Example: TIME_SHIFT(time, 'P1D', -2, 'America/Los_Angeles')

This will shift the time variable two days back in time, where days are defined in the America/Los_Angeles timezone.

# TIME_RANGE(operand, duration, step, timezone)

Create a range form time and the point that is duration * step away from time in the given timezone. step may be negative.

Example: TIME_RANGE(time, 'P1D', -2, 'America/Los_Angeles')

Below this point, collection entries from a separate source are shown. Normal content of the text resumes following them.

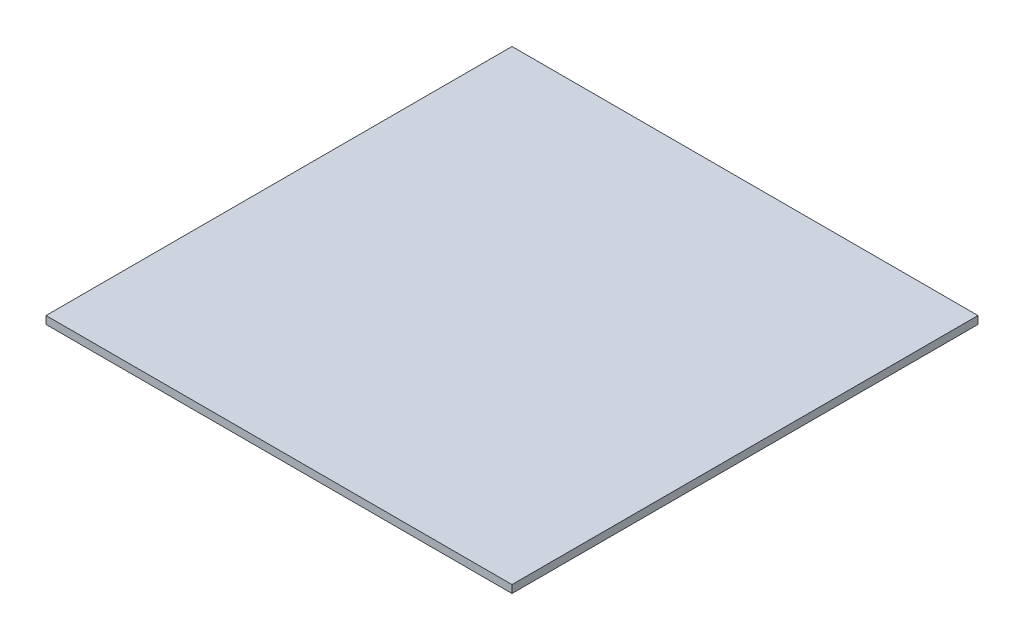
from build123d import *

# Parameters (mm, degrees)
SKETCH1_W           = 152.4
SKETCH1_H           = 152.4
BOSS_EXTRUDE1_DEPTH = 2.54


with BuildPart() as part:
    # Sketch1 → Boss-Extrude1 (new body)
    with BuildSketch(Plane(origin=(0, 0, 0), x_dir=(1, 0, 0), z_dir=(0, 1, 0))):
        with Locations((76.2, 76.2)):
            Rectangle(SKETCH1_W, SKETCH1_H)
    extrude(amount=BOSS_EXTRUDE1_DEPTH)


solid = part.part

This will shift the time variable two days back in time, where days are defined in the America/Los_Angeles timezone and create a range of time-2*P1D -> time.

# SUBSTR(str, pos, len)

Returns a substring len characters long from string str, starting at position pos

# CONCAT(str1, str2, ...)

Returns the string that results from concatenating the arguments. May have one or more arguments

# EXTRACT(str, regexp)

Returns the first matching group that results form matching regexp to str

# LOOKUP(str, lookup-namespace)

Returns the value for the key str withing the lookup-namespace

# IFNULL(expr1, expr2)

Returns the expr if it's not null, otherwise returns expr2

# FALLBACK(expr1, expr2)

This is a synonym for IFNULL(expr1, expr2)

# OVERLAP(expr1, expr2)

Checks whether expr1 and expr2 overlap

# CUSTOM_TRANSFORM(expr1, custom_name)

Applies the specified custom transformation to the given expression.

Mathematical Functions

# ABS(expr)



Returns the absolute value of expr value.



# POW(expr1, expr2)



Returns expr1 raised to the power of expr2.



# POWER(expr1, expr2)



This is a synonym for POW(expr1, expr2)



# SQRT(expr)



Returns the square root of expr

# 

EXP(expr)

Returns the value of e (base of natural logs) raised to the power of expr.

Aggregations

# COUNT(expr?)

If used without an expression (or as COUNT(*)) returns the count of the number of rows. When an expression is provided returns a count of the rows where expr is not null.

# COUNT(DISTINCT expr), COUNT_DISTINCT(expr)

Returns the count of the number of rows with different expr values.

# SUM(expr)

Returns the sum of all expr values.

# MIN(expr)

Returns the min of all expr values.

# MAX(expr)

Returns the max of all expr values.

# AVG(expr)

Returns the average of all expr values.

# QUANTILE(expr, quantile)

Returns the upper quantile of all expr values.

# CUSTOM_AGGREGATE(custom_name)

Returns the computation of the user defined aggregation named custom_name.